Avibacterium paragallinarum is a Gram-negative, non-motile, pleomorphic coccobacillus belonging to the family Pasteurellaceae [1, 3]. The bacterium requires nicotinamide adenine dinucleotide (NAD; V-factor) for growth, a characteristic shared with other avian pasteurellas [1]. The species has been classified into three principal serovars (A, B, and C) based on hemagglutination-inhibition (HI) tests, with further subtypes recognized within each serovar [4, 5]. The HMTp210 gene encodes a major hemagglutinin that determines serovar specificity, and molecular genotyping of this gene has been proposed as a replacement for classical serotyping [5]. Recent work has identified regions of HMTp210 important for hemagglutination activity and serotype determination [4].

Genomic characterization of A. paragallinarum has advanced considerably. Complete and draft genome sequences of nonpathogenic isolates from healthy layer flocks in the USA have been published [6]. Comparative genomics has revealed that pathogenic and nonpathogenic strains differ in the presence of virulence-associated genes, including those involved in lipooligosaccharide (LOS) and capsular polysaccharide (CPS) biosynthesis [3, 7]. A transposon mutagenesis study identified genes essential for biofilm formation, which likely contributes to persistence in the environment and on mucosal surfaces [8]. Natural transformation has been characterized in A. paragallinarum, providing a mechanism for horizontal gene transfer among strains [9]. The species also produces outer membrane vesicles (OMVs) that can mediate horizontal transfer of antibiotic resistance genes [7].

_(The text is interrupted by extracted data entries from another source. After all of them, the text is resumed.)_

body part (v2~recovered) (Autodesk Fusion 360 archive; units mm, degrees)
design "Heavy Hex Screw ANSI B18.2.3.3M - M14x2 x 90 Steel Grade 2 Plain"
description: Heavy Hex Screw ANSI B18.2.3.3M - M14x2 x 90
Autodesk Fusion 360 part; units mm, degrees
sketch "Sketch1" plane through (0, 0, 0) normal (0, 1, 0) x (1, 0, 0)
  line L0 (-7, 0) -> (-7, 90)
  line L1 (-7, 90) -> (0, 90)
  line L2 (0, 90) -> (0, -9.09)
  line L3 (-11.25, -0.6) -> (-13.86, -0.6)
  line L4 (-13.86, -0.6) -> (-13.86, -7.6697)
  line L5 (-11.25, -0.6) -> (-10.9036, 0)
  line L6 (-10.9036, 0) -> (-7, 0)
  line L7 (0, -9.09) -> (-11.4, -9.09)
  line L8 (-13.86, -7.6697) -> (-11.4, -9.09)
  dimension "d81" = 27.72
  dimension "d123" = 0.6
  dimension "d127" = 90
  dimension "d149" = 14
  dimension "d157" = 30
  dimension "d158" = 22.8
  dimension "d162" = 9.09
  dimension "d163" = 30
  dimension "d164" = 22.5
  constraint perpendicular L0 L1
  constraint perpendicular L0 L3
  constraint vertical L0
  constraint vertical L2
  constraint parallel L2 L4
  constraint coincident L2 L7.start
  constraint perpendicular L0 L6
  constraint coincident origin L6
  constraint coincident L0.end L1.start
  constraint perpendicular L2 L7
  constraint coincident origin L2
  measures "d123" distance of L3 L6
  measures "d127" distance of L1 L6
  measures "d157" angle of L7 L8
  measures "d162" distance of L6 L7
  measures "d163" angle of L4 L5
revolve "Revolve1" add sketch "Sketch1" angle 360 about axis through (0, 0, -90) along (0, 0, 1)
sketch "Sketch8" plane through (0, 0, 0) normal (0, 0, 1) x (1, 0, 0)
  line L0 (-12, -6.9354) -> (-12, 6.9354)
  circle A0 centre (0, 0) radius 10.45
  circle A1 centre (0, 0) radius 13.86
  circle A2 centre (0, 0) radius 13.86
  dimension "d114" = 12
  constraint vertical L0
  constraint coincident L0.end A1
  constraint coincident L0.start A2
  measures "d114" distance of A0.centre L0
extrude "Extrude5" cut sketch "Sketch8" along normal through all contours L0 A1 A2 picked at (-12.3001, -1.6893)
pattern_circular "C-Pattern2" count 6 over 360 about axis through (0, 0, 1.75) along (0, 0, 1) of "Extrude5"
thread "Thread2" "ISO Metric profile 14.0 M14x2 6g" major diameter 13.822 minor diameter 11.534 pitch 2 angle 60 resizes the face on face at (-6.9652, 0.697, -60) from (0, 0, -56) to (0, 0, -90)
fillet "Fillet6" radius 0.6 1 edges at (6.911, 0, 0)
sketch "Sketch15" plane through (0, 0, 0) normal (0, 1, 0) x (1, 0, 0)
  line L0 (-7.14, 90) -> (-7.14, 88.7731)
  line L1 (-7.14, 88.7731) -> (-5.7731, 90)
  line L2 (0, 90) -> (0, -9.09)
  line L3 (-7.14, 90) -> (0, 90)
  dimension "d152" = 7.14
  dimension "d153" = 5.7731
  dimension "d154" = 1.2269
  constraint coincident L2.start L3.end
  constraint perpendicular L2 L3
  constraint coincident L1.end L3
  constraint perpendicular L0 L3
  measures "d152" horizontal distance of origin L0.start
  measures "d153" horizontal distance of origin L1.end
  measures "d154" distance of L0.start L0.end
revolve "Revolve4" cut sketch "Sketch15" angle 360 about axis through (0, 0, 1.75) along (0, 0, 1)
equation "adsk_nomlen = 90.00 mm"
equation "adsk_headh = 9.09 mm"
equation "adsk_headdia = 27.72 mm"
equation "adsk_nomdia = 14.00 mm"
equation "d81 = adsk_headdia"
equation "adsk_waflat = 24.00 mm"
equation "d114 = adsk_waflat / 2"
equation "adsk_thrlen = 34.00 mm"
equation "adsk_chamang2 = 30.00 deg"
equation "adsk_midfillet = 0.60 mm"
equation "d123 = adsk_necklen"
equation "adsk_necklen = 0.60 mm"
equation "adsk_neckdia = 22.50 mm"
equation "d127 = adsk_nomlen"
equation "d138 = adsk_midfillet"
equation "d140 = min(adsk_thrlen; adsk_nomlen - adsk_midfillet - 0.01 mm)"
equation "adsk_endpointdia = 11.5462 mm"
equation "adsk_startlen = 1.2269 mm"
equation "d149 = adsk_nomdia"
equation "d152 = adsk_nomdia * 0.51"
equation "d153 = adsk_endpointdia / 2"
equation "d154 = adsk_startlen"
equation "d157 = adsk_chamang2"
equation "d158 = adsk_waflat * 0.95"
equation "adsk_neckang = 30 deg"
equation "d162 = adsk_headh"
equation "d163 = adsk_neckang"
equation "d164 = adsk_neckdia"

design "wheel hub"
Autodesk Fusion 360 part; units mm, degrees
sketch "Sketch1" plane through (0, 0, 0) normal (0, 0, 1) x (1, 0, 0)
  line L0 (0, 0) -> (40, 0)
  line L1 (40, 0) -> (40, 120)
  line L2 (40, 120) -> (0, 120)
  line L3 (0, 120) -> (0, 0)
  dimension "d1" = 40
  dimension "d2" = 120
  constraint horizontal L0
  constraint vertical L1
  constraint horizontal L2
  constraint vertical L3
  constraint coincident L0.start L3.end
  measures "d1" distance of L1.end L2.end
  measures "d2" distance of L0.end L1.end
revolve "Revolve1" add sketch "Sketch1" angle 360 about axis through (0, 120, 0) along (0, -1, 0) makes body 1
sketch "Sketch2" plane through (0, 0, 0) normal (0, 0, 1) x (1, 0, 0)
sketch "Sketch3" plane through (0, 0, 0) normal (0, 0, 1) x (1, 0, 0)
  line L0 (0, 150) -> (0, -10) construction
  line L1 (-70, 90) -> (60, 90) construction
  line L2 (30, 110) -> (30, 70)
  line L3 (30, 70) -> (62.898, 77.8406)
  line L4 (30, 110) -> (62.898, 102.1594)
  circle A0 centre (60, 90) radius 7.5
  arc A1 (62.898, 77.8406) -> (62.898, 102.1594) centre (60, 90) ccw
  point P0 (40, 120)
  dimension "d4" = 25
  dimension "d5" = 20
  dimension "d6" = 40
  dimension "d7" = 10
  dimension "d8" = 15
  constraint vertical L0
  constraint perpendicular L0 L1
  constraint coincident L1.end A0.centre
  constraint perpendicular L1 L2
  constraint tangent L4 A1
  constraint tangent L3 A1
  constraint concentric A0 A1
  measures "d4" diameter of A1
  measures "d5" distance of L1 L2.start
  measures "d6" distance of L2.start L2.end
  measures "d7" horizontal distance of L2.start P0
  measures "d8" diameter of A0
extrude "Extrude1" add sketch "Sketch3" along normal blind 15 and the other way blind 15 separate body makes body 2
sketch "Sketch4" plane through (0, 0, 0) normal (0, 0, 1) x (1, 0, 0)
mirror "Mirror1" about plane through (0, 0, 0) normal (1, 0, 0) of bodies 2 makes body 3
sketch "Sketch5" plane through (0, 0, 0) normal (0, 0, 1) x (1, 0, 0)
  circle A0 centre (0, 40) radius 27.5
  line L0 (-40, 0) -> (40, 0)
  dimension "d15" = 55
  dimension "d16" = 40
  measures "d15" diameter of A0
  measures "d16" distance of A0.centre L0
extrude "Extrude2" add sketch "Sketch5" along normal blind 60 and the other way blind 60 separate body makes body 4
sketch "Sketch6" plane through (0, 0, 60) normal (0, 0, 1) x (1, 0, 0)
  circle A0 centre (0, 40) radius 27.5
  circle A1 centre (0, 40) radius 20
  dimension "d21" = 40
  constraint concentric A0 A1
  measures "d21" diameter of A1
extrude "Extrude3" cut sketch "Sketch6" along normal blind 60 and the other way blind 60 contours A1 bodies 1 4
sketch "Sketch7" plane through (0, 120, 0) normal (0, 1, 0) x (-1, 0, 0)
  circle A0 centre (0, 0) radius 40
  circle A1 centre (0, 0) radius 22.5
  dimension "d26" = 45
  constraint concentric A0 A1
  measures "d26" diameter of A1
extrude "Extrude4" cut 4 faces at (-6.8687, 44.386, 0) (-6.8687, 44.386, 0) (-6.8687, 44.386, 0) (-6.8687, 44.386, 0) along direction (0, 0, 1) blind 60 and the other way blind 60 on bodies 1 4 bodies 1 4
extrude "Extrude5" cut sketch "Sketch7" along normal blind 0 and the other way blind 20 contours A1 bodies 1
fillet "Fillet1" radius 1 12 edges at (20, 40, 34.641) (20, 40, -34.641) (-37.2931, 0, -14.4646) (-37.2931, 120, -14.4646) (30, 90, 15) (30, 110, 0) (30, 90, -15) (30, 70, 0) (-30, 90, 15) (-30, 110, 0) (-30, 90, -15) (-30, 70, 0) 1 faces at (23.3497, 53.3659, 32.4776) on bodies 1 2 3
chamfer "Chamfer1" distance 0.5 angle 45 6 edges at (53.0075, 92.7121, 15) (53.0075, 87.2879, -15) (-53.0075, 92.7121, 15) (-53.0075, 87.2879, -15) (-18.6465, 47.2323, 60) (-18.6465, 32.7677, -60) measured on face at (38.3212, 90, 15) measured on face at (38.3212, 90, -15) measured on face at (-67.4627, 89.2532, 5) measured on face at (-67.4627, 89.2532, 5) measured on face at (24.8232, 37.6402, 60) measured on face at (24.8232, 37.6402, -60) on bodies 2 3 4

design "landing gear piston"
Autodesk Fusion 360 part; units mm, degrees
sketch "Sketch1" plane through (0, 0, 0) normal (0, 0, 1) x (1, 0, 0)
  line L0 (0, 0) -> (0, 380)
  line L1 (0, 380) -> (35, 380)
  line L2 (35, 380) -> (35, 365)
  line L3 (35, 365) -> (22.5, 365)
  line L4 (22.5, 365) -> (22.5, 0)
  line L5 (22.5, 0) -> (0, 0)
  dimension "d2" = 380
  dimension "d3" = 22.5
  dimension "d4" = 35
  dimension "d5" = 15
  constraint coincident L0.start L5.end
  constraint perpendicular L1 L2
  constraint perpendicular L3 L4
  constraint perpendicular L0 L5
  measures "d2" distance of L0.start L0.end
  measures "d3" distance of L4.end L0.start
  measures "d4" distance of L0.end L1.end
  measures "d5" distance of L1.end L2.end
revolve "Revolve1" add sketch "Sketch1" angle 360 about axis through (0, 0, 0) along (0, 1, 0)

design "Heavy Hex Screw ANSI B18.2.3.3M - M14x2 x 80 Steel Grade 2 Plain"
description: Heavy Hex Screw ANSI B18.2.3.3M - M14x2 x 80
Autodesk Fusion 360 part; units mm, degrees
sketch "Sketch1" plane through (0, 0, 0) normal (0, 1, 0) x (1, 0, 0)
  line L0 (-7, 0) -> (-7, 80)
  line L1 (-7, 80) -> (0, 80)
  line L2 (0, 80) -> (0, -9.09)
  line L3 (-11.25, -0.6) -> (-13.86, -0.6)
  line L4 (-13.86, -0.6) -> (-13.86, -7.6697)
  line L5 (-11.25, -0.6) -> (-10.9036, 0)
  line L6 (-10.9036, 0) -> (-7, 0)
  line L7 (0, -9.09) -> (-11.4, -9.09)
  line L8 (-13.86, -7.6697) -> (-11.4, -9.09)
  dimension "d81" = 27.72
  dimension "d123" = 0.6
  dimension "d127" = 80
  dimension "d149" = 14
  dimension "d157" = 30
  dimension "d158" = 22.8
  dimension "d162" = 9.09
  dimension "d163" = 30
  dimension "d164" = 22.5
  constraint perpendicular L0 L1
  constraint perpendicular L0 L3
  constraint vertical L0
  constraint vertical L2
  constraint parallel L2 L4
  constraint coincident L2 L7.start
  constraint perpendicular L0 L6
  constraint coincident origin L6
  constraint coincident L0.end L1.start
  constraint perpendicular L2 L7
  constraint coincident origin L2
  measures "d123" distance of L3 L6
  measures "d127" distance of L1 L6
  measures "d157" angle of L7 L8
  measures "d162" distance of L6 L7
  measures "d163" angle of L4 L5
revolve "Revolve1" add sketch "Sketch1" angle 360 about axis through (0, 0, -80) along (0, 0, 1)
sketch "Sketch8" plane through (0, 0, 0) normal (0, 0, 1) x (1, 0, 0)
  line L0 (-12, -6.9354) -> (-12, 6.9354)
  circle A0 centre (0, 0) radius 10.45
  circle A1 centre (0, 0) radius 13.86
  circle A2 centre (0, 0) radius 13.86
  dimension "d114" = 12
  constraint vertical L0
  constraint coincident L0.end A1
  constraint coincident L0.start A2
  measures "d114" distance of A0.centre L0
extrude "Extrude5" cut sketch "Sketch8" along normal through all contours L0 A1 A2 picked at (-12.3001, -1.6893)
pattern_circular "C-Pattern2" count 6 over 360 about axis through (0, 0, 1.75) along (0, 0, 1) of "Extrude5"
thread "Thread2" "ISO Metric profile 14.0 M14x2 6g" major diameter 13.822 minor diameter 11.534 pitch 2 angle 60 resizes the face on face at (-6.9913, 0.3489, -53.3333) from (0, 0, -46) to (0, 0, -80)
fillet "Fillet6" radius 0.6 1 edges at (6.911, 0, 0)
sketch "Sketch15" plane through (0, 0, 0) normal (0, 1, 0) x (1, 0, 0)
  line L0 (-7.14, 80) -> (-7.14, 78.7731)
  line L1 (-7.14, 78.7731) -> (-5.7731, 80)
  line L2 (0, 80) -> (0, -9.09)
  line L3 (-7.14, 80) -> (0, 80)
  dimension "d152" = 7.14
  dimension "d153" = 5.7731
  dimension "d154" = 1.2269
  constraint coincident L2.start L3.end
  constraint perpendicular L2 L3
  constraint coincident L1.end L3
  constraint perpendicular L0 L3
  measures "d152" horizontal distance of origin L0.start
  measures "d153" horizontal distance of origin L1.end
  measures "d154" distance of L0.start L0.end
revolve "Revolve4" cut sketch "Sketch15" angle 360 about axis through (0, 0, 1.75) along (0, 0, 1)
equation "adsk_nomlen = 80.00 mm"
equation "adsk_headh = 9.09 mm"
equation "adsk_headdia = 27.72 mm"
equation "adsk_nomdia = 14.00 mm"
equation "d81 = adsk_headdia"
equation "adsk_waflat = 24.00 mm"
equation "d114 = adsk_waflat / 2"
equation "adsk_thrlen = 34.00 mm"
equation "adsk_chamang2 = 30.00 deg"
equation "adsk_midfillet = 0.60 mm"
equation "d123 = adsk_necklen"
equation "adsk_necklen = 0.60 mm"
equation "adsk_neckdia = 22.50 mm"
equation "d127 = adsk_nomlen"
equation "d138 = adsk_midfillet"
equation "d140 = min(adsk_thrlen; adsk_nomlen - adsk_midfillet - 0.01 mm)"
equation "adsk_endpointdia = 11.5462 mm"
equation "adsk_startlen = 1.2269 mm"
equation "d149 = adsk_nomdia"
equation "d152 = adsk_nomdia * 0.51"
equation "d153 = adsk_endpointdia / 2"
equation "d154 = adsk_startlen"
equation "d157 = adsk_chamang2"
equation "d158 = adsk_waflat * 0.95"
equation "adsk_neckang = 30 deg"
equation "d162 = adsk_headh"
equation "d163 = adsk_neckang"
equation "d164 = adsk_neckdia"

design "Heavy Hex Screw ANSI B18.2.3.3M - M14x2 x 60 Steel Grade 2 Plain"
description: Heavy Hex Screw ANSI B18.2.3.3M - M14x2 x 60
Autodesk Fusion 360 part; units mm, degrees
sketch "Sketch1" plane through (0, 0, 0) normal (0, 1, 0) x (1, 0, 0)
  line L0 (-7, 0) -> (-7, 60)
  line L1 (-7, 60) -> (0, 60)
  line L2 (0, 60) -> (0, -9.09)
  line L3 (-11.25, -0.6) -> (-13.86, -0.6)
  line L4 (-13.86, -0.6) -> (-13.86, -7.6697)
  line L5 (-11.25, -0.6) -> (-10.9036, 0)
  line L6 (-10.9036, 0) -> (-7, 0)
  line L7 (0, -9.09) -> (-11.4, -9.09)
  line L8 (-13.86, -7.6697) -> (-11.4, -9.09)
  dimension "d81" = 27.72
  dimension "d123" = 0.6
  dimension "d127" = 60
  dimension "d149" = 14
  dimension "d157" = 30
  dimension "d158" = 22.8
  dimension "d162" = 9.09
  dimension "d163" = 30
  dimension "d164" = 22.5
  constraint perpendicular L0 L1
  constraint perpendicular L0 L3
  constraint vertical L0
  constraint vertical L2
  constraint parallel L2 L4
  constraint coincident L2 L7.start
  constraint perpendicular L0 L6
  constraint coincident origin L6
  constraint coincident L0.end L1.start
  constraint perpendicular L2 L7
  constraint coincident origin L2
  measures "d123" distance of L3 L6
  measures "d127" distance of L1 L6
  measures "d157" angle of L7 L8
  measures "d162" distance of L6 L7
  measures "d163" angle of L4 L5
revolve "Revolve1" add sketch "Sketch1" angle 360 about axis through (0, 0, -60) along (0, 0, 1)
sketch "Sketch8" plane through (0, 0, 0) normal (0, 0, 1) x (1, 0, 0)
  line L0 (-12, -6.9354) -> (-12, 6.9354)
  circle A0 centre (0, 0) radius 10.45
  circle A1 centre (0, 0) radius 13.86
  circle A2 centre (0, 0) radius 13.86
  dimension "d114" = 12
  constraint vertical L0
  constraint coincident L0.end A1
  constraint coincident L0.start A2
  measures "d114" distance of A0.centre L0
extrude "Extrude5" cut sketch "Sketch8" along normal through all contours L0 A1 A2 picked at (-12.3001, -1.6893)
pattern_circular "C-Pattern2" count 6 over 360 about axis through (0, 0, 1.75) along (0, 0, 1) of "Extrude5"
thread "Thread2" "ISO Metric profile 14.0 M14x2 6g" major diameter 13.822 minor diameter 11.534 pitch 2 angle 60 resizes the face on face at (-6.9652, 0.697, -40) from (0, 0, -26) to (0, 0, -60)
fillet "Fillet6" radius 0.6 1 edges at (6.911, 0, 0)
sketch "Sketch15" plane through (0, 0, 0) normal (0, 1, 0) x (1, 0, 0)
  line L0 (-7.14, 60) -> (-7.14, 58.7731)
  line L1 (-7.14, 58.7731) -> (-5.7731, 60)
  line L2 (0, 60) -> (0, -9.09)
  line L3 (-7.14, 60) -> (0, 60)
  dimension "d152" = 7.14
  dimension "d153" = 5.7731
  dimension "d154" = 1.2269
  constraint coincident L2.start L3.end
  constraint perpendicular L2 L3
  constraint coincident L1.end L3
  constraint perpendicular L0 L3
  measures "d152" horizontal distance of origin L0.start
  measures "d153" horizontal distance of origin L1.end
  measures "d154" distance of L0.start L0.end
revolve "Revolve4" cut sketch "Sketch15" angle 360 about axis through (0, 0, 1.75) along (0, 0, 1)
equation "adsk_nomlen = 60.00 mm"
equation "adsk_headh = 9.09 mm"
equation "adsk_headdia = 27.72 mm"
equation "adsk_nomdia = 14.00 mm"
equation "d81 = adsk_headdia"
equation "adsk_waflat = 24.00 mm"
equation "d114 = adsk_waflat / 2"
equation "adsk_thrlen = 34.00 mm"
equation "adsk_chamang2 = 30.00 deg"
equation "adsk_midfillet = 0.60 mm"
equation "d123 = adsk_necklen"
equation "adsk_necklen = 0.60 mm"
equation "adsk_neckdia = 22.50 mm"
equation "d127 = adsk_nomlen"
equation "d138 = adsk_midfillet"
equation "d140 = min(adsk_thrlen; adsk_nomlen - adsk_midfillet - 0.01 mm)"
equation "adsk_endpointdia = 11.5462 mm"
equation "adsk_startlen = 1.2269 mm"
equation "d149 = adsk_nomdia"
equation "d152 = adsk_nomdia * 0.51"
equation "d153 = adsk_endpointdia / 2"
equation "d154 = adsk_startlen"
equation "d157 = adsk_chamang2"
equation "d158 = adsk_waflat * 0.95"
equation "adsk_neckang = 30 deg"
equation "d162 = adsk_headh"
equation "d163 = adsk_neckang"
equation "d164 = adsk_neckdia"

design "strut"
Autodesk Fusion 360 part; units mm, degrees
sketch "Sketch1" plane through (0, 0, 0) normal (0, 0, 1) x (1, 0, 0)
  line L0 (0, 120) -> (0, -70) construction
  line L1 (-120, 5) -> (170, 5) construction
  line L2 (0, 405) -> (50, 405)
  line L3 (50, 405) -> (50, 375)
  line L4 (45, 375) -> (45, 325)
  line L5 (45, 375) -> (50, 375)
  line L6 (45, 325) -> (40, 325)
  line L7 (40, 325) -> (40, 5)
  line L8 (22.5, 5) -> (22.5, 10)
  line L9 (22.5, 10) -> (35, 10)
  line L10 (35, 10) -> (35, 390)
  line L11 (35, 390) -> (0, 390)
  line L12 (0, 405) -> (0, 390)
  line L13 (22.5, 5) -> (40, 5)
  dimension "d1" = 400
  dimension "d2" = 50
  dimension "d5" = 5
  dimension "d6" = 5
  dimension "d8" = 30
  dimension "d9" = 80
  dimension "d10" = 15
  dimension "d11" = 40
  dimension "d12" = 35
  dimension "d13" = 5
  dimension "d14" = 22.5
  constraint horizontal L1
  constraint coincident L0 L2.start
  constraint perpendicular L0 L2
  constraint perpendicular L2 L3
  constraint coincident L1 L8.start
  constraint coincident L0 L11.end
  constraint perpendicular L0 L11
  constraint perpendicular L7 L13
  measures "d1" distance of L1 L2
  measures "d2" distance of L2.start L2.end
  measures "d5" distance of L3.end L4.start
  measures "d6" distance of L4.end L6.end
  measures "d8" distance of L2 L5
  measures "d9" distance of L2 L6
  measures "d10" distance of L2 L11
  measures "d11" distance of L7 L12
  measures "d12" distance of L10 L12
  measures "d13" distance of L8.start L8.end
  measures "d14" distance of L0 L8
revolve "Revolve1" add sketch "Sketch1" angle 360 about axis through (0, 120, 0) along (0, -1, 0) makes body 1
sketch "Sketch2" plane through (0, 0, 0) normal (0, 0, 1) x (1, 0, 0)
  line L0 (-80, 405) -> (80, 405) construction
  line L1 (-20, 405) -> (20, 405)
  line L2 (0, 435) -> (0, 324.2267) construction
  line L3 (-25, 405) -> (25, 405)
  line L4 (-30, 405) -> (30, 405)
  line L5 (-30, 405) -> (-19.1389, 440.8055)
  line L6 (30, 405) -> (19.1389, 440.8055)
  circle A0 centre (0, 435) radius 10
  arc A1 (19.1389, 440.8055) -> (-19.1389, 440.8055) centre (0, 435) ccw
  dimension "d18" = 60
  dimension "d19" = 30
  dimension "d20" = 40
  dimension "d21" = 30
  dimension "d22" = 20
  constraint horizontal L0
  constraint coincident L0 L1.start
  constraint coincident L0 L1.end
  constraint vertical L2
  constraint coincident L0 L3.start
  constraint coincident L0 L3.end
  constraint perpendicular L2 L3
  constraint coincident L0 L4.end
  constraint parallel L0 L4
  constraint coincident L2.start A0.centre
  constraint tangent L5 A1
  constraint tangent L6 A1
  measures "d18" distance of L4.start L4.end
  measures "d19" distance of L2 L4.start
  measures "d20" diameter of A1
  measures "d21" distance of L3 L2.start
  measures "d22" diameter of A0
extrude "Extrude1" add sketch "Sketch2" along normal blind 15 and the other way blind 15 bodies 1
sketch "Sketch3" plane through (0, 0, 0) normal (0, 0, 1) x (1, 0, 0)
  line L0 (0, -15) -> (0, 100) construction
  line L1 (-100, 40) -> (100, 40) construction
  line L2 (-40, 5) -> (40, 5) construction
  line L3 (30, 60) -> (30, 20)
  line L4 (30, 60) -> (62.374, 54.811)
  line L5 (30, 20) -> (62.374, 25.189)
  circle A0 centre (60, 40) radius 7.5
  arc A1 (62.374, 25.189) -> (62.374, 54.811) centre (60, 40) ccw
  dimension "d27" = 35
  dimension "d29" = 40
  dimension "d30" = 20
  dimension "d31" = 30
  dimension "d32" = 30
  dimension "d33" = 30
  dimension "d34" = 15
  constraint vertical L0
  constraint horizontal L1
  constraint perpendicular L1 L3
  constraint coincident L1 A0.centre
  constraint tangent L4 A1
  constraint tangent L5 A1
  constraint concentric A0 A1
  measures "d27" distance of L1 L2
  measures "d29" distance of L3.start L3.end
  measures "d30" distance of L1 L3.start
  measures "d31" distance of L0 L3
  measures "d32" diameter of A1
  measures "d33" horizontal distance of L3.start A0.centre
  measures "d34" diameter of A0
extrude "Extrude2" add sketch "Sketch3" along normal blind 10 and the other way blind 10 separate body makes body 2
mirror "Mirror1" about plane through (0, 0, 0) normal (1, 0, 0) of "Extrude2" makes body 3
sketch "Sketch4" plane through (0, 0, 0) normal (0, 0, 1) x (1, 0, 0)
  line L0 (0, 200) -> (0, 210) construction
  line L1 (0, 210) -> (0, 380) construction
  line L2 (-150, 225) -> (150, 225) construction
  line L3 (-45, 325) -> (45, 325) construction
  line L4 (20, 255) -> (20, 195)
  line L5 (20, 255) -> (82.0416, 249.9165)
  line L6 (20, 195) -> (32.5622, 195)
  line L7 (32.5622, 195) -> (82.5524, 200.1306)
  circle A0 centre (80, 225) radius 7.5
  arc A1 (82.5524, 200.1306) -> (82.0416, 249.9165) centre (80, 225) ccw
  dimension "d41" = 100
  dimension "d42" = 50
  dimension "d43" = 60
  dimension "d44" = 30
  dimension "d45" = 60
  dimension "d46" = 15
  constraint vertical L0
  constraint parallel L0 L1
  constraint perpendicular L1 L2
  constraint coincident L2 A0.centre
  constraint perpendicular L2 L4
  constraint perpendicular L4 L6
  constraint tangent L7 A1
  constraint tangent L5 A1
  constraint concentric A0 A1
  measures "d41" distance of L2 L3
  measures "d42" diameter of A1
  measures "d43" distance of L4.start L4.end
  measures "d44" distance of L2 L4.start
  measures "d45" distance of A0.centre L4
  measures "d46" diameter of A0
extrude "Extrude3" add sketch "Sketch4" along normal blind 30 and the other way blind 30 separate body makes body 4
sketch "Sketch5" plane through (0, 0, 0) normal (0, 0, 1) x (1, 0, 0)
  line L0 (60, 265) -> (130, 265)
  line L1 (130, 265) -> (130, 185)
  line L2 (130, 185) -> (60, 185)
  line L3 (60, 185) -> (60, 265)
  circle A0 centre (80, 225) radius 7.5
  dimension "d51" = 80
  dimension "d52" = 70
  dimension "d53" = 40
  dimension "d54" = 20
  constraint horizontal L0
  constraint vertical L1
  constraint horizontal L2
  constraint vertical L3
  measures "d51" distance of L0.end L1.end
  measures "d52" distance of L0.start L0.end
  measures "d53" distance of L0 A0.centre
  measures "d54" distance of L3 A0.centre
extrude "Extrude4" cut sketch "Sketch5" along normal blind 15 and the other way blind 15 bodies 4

Nonpathogenic A. paragallinarum isolates have been recovered from naive, healthy layer flocks across multiple US states, suggesting a carrier state exists without clinical disease [10, 11]. These nonpathogenic strains may share antigenic properties that could be exploited for vaccine development [11]. A marker-free genetic manipulation system using counterselection has been developed, facilitating functional gene studies in this organism [12]. Molecular serotyping approaches based on the HMTp210 gene have been applied to characterize circulating strains in China, revealing considerable genetic diversity [13, 14]. Similarly, novel genotypes have been identified in Iranian poultry flocks [15].

Epidemiology

Avian coryza occurs worldwide, with varying prevalence depending on geographic region, management practices, and biosecurity levels [1]. A meta-analysis of Chinese poultry populations from 1993 to 2024 estimated a pooled prevalence of approximately 15%, with higher rates in southern provinces and during the cooler months [2]. In the United States, a retrospective analysis of outbreaks in California between 2016 and 2022 identified seasonal patterns and associations with multi-age layer complexes [16]. An outbreak in a table egg layer flock in Alberta, Canada was linked to the introduction of replacement pullets [17]. A case-control survey in Pennsylvania identified farm characteristics such as lack of all-in/all-out management, presence of other respiratory diseases, and poor biosecurity as significant risk factors [18, 19].

Transmission occurs primarily through direct contact, aerosolized droplets, and contamination of water and feed [1]. The bacterium can survive for several days in the environment, particularly in organic material [1]. Chronic carrier birds, including those infected with nonpathogenic strains, may serve as reservoirs [10, 11]. Risk factors for introduction include adding new birds without quarantine, visiting farm personnel, and shared equipment [18]. Coinfection with other respiratory pathogens such as Ornithobacterium rhinotracheale has been documented and can exacerbate disease severity [20]. In small chicken flocks, the consequences of infectious coryza, along with infectious laryngotracheitis and mycoplasmosis, are often severe, with high morbidity and significant mortality [21]. A molecular epidemiological study using a genome-guided multilocus sequence typing (MLST) scheme has enhanced the ability to trace transmission chains and identify outbreak strains [22].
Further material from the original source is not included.